Début 1997, le président Kawamoto envisage à nouveau de créer une équipe d'usine 100 % Honda. Cette idée germe d'autant mieux que Toyota, le grand rival national, prépare également son entrée officielle en F1 à l'horizon 2001-2002. Honda, qui représente victorieusement le Japon en F1 depuis trois décennies, ne peut être en reste. Reste à déterminer si cette nouvelle entité sera créée ex nihilo ou s'appuiera sur une structure préexistante. Ce choix reste en suspens durant plusieurs mois, mais le processus d'investissement est enclenché. Les ingénieurs de la cellule de veille de Wako sont envoyés en Grande-Bretagne pour se perfectionner. « Notre retour en Formule 1 est destiné, en interne, à rééquilibrer un esprit de haute compétitivité chez tous nos techniciens, ceux des châssis comme ceux des moteurs », explique Kawamoto. « En externe, Honda doit se situer, globalement, au niveau des meilleurs constructeurs mondiaux. » Il convient cependant de ne pas brûler les étapes. D'abord, Honda doit perfectionner sa motorisation. D'où le partenariat exclusif signé entre Mugen, son « faux-nez », et Jordan Grand Prix pour 1998. La collaboration entre le team de Silverstone et les motoristes nippons doit permettre à Honda de disposer du meilleur V10 possible en prévision de son retour officiel. C'est aussi le sens des pourparlers engagés avec British American Racing, la nouvelle écurie fondée par Craig Pollock sur les décombres de Tyrrell. Début 1998, Honda espère fournir à BAR des V10 Mugen rebaptisés Acura - du nom de sa filiale de luxe. Hélas, Pollock préférera se tourner vers Supertec...

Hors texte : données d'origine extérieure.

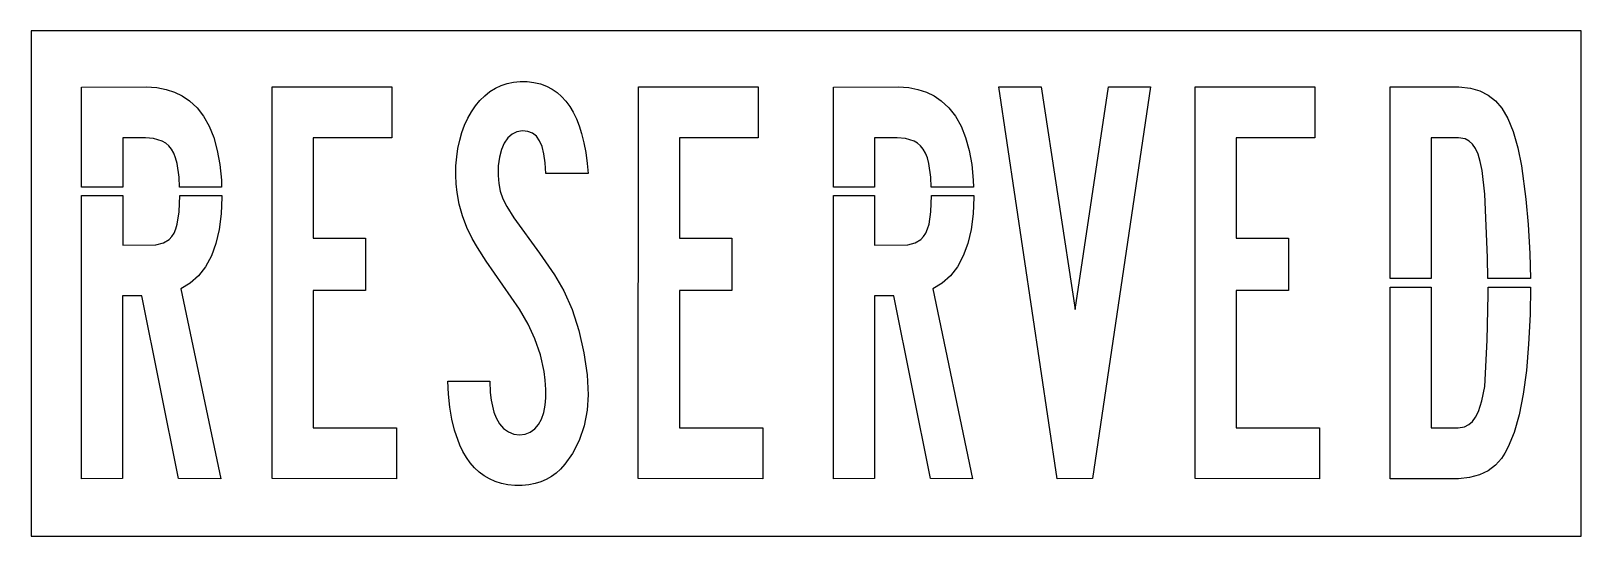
# Model space of a CAD drawing. Extents: x 0 to 92, y 0 to 30.
import ezdxf

# ---------------------------------------------------------------- set-up
doc = ezdxf.new("R2010")
doc.units = 0
doc.layers.add('CUT', color=7, linetype='Continuous')
doc.layers.add('OUTSIDE', color=1, linetype='Continuous')

msp = doc.modelspace()

# ---------------------------------------------------------------- linework, layer by layer
at = {"layer": 'CUT'}
for points in [[(32.1391, 4.8941), (31.6945, 4.2642), (31.4189, 3.9657), (31.1684, 3.7416), (30.8888, 3.5396), (30.5867, 3.3663), (30.2635, 3.2236), (29.9281, 3.1156), (29.5473, 3.037), (29.1565, 3), (28.7261, 3.0047), (28.3019, 3.0489), (27.9202, 3.127), (27.5541, 3.2427), (27.2104, 3.3946), (26.8889, 3.5827), (26.599, 3.7988), (26.3257, 4.0527), (26.0741, 4.3412), (25.8439, 4.664), (25.6385, 5.0149), (25.4511, 5.4051), (25.141, 6.2875), (24.9856, 6.9329), (24.8656, 7.6443), (24.782, 8.4233), (24.7415, 9.2022), (27.2409, 9.2022), (27.2623, 8.5334), (27.3152, 8.0617), (27.4792, 7.3658), (27.6062, 7.013), (27.8027, 6.6702), (28.0485, 6.3931), (28.3425, 6.1846), (28.6661, 6.059), (28.9969, 6.018), (29.3315, 6.0564), (29.6322, 6.1725), (29.896, 6.3626), (30.1203, 6.6232), (30.3019, 6.9504), (30.4356, 7.3327), (30.5228, 7.772), (30.5587, 8.2046), (30.5568, 8.7084), (30.5234, 9.2492), (30.458, 9.7788), (30.2442, 10.7558), (29.9078, 11.7206), (29.5046, 12.5792), (28.9899, 13.4723), (27.0193, 16.3323), (26.4956, 17.1302), (26.1806, 17.6761), (25.8649, 18.3362), (25.6117, 19.0099), (25.4191, 19.7035), (25.2898, 20.4083), (25.2358, 20.9219), (25.2139, 21.4438), (25.2246, 21.9822), (25.2674, 22.516), (25.3402, 23.0196), (25.4442, 23.5087), (25.5773, 23.9732), (25.7383, 24.4111), (25.9263, 24.8206), (26.1436, 25.2066), (26.3863, 25.5601), (26.6484, 25.874), (26.9329, 26.1532), (27.2384, 26.3957), (27.5638, 26.5998), (27.9019, 26.7615), (28.2695, 26.8867), (28.6478, 26.966), (29.028, 27), (29.4471, 26.9914), (29.8534, 26.9418), (30.2355, 26.8515), (30.5933, 26.7205), (30.9272, 26.5486), (31.2224, 26.3466), (31.4961, 26.1076), (31.7481, 25.831), (31.9751, 25.5226), (32.1812, 25.178), (32.3697, 24.7901), (32.5371, 24.3643), (32.6832, 23.9008), (32.8157, 23.3637), (32.9246, 22.7834), (33.0128, 22.1288), (33.063, 21.5325), (30.5636, 21.5325), (30.5188, 22.1772), (30.4428, 22.7038), (30.3314, 23.1383), (30.1865, 23.4787), (30.0008, 23.7421), (29.7704, 23.9275), (29.4967, 24.0332), (29.1771, 24.0634), (28.8462, 24.0108), (28.5546, 23.8724), (28.2996, 23.6481), (28.0889, 23.3447), (27.9212, 22.9598), (27.8027, 22.5035), (27.7351, 21.9811), (27.7205, 21.4119), (27.7602, 20.9323), (27.8563, 20.4805), (28.0138, 20.0339), (28.2367, 19.5776), (28.6574, 18.9091), (30.1882, 16.8107), (31.0675, 15.5172), (31.62, 14.5552), (32.12, 13.4485), (32.51, 12.2174), (32.8138, 10.8892), (33.0035, 9.5826), (33.0676, 8.3861), (33.0054, 7.4667), (32.824, 6.5546), (32.5313, 5.6829)], [(8.3335, 22.9851), (8.1712, 23.1811), (7.9946, 23.3307), (7.7873, 23.4519), (7.2802, 23.6071), (6.788, 23.6527), (5.4414, 23.6544), (5.4415, 20.7211), (3.002, 20.7211), (3.002, 26.671), (6.8419, 26.6752), (7.4787, 26.6335), (8.0178, 26.5323), (8.523, 26.3682), (8.9819, 26.1458), (9.4057, 25.8596), (9.8571, 25.4379), (10.2456, 24.9349), (10.5785, 24.3408), (10.8487, 23.6674), (11.0594, 22.9098), (11.2104, 22.0679), (11.3011, 21.1422), (11.3136, 20.7211), (8.8085, 20.7211), (8.7874, 21.3249), (8.6728, 22.1379), (8.5832, 22.4667), (8.4723, 22.7441)], [(21.4179, 23.6544), (16.7472, 23.6523), (16.7472, 17.6972), (19.863, 17.6931), (19.8626, 14.5913), (16.7472, 14.5866), (16.7472, 6.4294), (21.691, 6.4273), (21.6915, 3.4063), (14.3103, 3.4109), (14.3115, 26.6754), (21.4208, 26.6724)], [(38.4844, 23.6523), (38.4844, 17.6972), (41.6002, 17.6931), (41.5998, 14.5913), (38.4844, 14.5866), (38.4844, 6.4294), (43.4281, 6.4273), (43.4287, 3.4063), (36.0475, 3.4109), (36.0487, 26.6754), (43.158, 26.6724), (43.1551, 23.6544)], [(53.0978, 22.7441), (52.959, 22.9851), (52.7967, 23.1811), (52.6201, 23.3307), (52.4129, 23.4519), (51.9057, 23.6071), (51.4136, 23.6527), (50.0669, 23.6544), (50.067, 20.7211), (47.6275, 20.7211), (47.6275, 26.671), (51.4674, 26.6752), (52.1043, 26.6335), (52.6433, 26.5323), (53.1485, 26.3682), (53.6075, 26.1458), (54.0313, 25.8596), (54.4827, 25.4379), (54.8712, 24.9349), (55.2041, 24.3408), (55.4742, 23.6674), (55.685, 22.9098), (55.8359, 22.0679), (55.9266, 21.1422), (55.9391, 20.7211), (53.434, 20.7211), (53.4129, 21.3249), (53.2983, 22.1379), (53.2088, 22.4667)], [(59.9517, 26.6754), (61.9829, 13.449), (63.947, 26.6749), (66.4525, 26.6754), (63, 3.4109), (60.9038, 3.4063), (57.447, 26.6742)], [(71.5299, 23.6523), (71.5299, 17.6972), (74.6456, 17.6931), (74.6453, 14.5913), (71.5299, 14.5866), (71.5299, 6.4294), (76.4736, 6.4273), (76.4742, 3.4063), (69.093, 3.4109), (69.0942, 26.6754), (76.2034, 26.6724), (76.2006, 23.6544)], [(85.8926, 22.6747), (85.7426, 23.0126), (85.5666, 23.2728), (85.3617, 23.461), (85.1208, 23.5843), (84.7312, 23.6532), (83.1103, 23.6544), (83.112, 15.2918), (80.6751, 15.2918), (80.6757, 26.6754), (84.7397, 26.6749), (85.4333, 26.6065), (85.9858, 26.4488), (86.4833, 26.1965), (86.9204, 25.851), (87.3031, 25.4065), (87.6555, 24.8097), (87.974, 24.0223), (88.2565, 23.0519), (88.4742, 21.9874), (88.728, 20.0144), (88.8712, 18.5024), (88.969, 16.7846), (88.9977, 15.2918), (86.4768, 15.2918), (86.4507, 16.5356), (86.2923, 20.3059), (86.1294, 21.7123), (86.0209, 22.245)], [(9.4517, 15.0127), (8.8928, 14.6746), (11.2602, 3.4063), (8.7561, 3.4093), (6.5864, 14.2648), (5.4389, 14.2581), (5.4389, 3.4093), (3.002, 3.4063), (3.002, 20.2191), (5.4415, 20.2191), (5.4416, 17.2858), (7.4149, 17.3052), (7.8564, 17.4117), (8.1994, 17.6188), (8.3567, 17.7861), (8.4883, 17.9921), (8.5958, 18.2382), (8.6807, 18.527), (8.7907, 19.2605), (8.8248, 20.2191), (11.3285, 20.2191), (11.331, 20.1342), (11.2906, 19.1299), (11.1722, 18.2113), (10.9774, 17.3826), (10.7053, 16.6411), (10.3597, 15.9984), (9.9426, 15.4562)], [(53.5183, 14.6746), (55.8857, 3.4063), (53.3817, 3.4093), (51.2119, 14.2648), (50.0644, 14.2581), (50.0644, 3.4093), (47.6275, 3.4063), (47.6275, 20.2191), (50.067, 20.2191), (50.0671, 17.2858), (52.0404, 17.3052), (52.482, 17.4117), (52.8249, 17.6188), (52.9822, 17.7861), (53.1138, 17.9921), (53.2213, 18.2382), (53.3062, 18.527), (53.4162, 19.2605), (53.4503, 20.2191), (55.954, 20.2191), (55.9565, 20.1342), (55.9162, 19.1299), (55.7977, 18.2113), (55.603, 17.3826), (55.3308, 16.6411), (54.9852, 15.9984), (54.5682, 15.4562), (54.0772, 15.0127)], [(87.4855, 4.9209), (87.2784, 4.5991), (86.9284, 4.2009), (86.4868, 3.8726), (85.9671, 3.6259), (85.3866, 3.4696), (84.7279, 3.4067), (80.6744, 3.4063), (80.6751, 14.7898), (83.1121, 14.7898), (83.1138, 6.4273), (84.7159, 6.428), (85.0822, 6.4922), (85.3335, 6.617), (85.5512, 6.8057), (85.7424, 7.0621), (85.9092, 7.3888), (86.1226, 8.0343), (86.2925, 8.8782), (86.4391, 11.6321), (86.4965, 14.3546), (86.4873, 14.7898), (88.998, 14.7898), (88.9744, 13.1539), (88.8926, 11.4043), (88.7569, 9.832), (88.567, 8.4292), (88.3244, 7.2059), (88.0282, 6.1565), (87.68, 5.2888)]]:
    msp.add_lwpolyline(points, close=True, dxfattribs=at)
at = {"layer": 'OUTSIDE'}
msp.add_lwpolyline([(0, 0), (92, 0), (92, 30), (0, 30)], close=True, dxfattribs=at)

doc.saveas('drawing.dxf')

En mars 1998, Nobuhiko Kawamoto annonce la création de Honda Racing Developments, sorte de prélude à la future écurie Honda officielle. Sa direction est confiée à Satoru Nakajima, qui fut le pilote-phare du constructeur japonais dans les années 1980. Le célèbre ingénieur Harvey Postlethwaite, qui officie encore pour quelques mois chez Tyrrell, sera directeur technique tandis que la conception des châssis est dévolue à la firme italienne Dallara. Un grand cigarettier - on évoque Camel ou Imperial Tobacco - financerait l'entreprise. Les débuts en Grand Prix sont prévus dès 1999. Néanmoins, personne ne sait encore si Honda va se lancer seule ou reprendre une écurie préexistante. Au cours du printemps 1998, bruissent des rumeurs de rachat de Benetton, tandis qu'Eddie Jordan, le nouveau partenaire de Mugen, laisse entendre qu'il serait prêt à vendre son écurie à Honda. Mais l'Irlandais affiche de telles prétentions financières (le chiffre de 100 millions de dollars est avancé) qu'il décourage ses interlocuteurs.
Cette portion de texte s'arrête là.